As a third-team all-state forward for DeVilbiss in 1958 — in the same Ohio class that included Jerry Lucas (Middletown) and John Havlicek (Bridgeport) — the 6-foot-4 Mewhort had offers to play for Ohio State and Michigan, but couldn’t make up his mind.
Fate had its opening. One night his senior season, he caught the eye of a Duke assistant, who happened to be in town recruiting one of his DeVilbiss teammates. The coach told Mewhort he’d love to have him visit.
“And I said, ‘Where's Duke?’” Mewhort said.
Next thing he knew, it was Easter weekend, and he was flying there. Almost from the second he walked onto the school’s Gothic wonderland of a campus, then into Duke Indoor Stadium (later renamed for former coach Eddie Cameron), he was sold.
“Number one, I thought, this is the most beautiful place I’ve ever seen, and it rained the whole weekend,” he said. “Number two, as I started to get a flavor of the early ACC, the Blue Devils played a great, running style of basketball. I thought, ‘Geez, that looks like it would be fun. I can live in a different part of the world and I can’t decide between Michigan and Ohio State. Let’s do it.’”
So he did, and never looked back.
Neither did Duke.
His sophomore year, under first-year coach Vic Bubas, the Blue Devils took off — at least when the calendar flipped to March.
“We had been whooped on so bad during the regular season by both Wake Forest and Carolina, and it was embarrassing,” Mewhort said. “But we were still 12-10 and coach had us believing we were going to be fine. The first night [at the ACC tournament in Raleigh], we were in the locker room, and he comes in with a newspaper. There was an article that basically said we were going to get killed. He said, ‘I don’t know how you guys feel, but here’s how I feel.’ He set the newspaper on fire, dropped it on the floor, and sent us out. We went running out and knocked over and broke a water cooler.”
With Mewhort as a key reserve, the Blue Devils didn’t stop until they had stunned North Carolina and Wake Forest to win the tournament and secure the ACC’s automatic bid to the big tourney. They kept it going there, too, beating Princeton and St. Joseph’s — coached by the great Jack Ramsay — at Madison Square Garden before falling to New York University in the Elite Eight.
Mewhort played a bigger role his final two years, including as a co-captain in 1961-62 on a team that featured Art Heyman and Jeff Mullins, both top-five NBA draft picks. (“My job was to make sure there was reasonably equal distribution to those two guys,” he said.)
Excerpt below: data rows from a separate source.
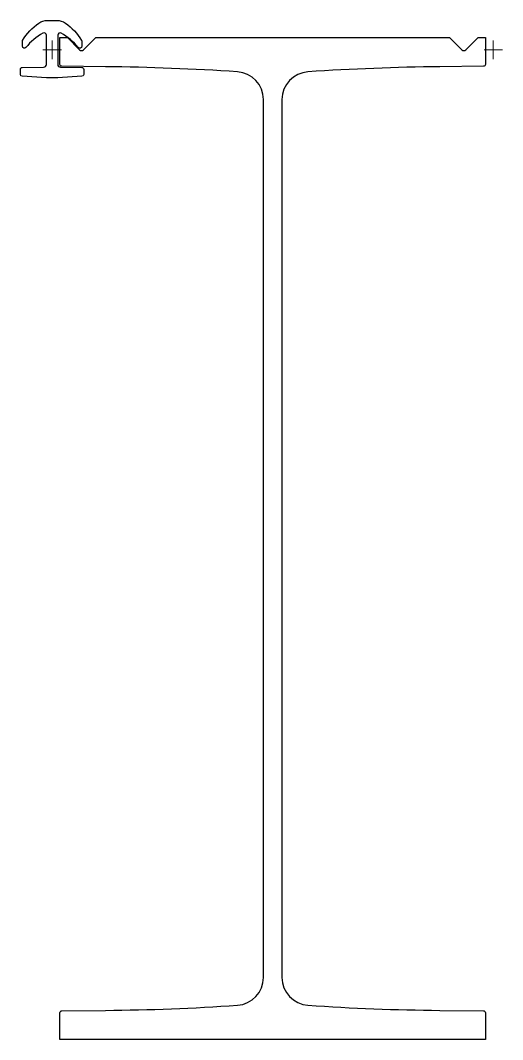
# Model space of a CAD drawing. Header units: millimetres. Extents: x -34 to 485, y -1066 to 32.
import ezdxf

# ---------------------------------------------------------------- set-up
doc = ezdxf.new("R2010")
doc.units = ezdxf.units.MM
doc.layers.get('0').update_dxf_attribs({"lineweight": 25})
doc.layers.add('ref', color=252, linetype='Continuous', lineweight=5)

msp = doc.modelspace()

# ---------------------------------------------------------------- linework, layer by layer
for points in [[(32.2, -28.5), (6.1, -30.1), (-6.1, -30.1), (-32.2, -28.5, -0.397192), (-34.1, -26.5), (-34.1, -21, -0.411055), (-32.1, -19), (-9.1, -18.7, 0.41139), (-6.1, -15.7), (-6.1, 15.7, 0.569114), (-9.8, 17.9, 0.100985), (-28.2, 2.5, -0.710336), (-32, 3.8), (-32, 9.2, -0.135197), (-31.7, 10.2, -0.107747), (-14.3, 28.9, -0.15203), (-5.1, 31.7), (5.1, 31.7, -0.15203), (14.3, 28.9, -0.107747), (31.7, 10.2, -0.135197), (32, 9.2), (32, 3.8, -0.710994), (28.2, 2.5, 0.100981), (9.8, 17.9, 0.568488), (6.1, 15.7), (6.1, -15.7, 0.41139), (9.1, -18.7), (32.1, -19, -0.411055), (34.1, -21), (34.1, -26.5, -0.397192)], [(227.5, -53.6, 0.394764), (199.5, -23.7, 0.014216), (57.5, -18.2), (10.5, -17.7, -0.411288), (8.5, -15.7), (8.5, 13.3), (16.5, 13.3), (29.6, 0.1, 0.414214), (33.9, 0.1), (47, 13.3), (428, 13.3), (441.1, 0.1, 0.414214), (445.4, 0.1), (458.6, 13.3), (466.5, 13.3), (466.5, -15.7, -0.411288), (464.5, -17.7), (417.5, -18.2, 0.014216), (275.5, -23.7, 0.394764), (247.5, -53.6), (247.5, -999.2, 0.394764), (275.5, -1029.1, 0.014216), (417.5, -1034.6), (464.5, -1035.1, -0.411288), (466.5, -1037.1), (466.5, -1066.1), (8.5, -1066.1), (8.5, -1037.1, -0.411288), (10.5, -1035.1), (57.5, -1034.6, 0.014216), (199.5, -1029.1, 0.394764), (227.5, -999.2)]]:
    msp.add_lwpolyline(points, format="xyb", close=True)
at = {"layer": 'ref'}
for p, q in [((10, 0), (-10, 0)), ((0, -10), (0, 10)), ((465, 0), (485, 0)), ((475, -10), (475, 10))]:
    msp.add_line(p, q, dxfattribs=at)

doc.saveas('drawing.dxf')

Beset by the same win-the-league-tournament-or-else reality that MAC teams know today, Duke missed the then-25-team NCAA tournament both seasons despite a top-10 ranking.
But, no matter, the program was on the map, and on its way.
From there, Bubas led Duke to the Final Four in 1963, ‘64, and ‘66, and, a bit later, in 1980, along came some guy from Army with a hard-to-spell last name. Krzyzewski’s done OK, too, now in his 13th Final Four and in pursuit of a sixth national championship.
Meanwhile, Mewhort has watched it all with pride.
After attending law school at Duke, he and Martha returned to Toledo to raise their three children. But he remained an avid supporter of the school — his two daughters also went to Duke (son, Don, was a basketball standout at Wittenberg) — and, when he retired in 2017, he knew just where he wanted to be.
Back to his blue heaven in “God’s country.”
Back to where, as he savors Duke’s latest great March run, the reminders of its first are never far away.
“That banner that we won in 1960, that hangs in Cameron today,” Mewhort said. “Every time I go into Cameron, it's just nice to see. Even though it was gazillion years ago, that's where it started.”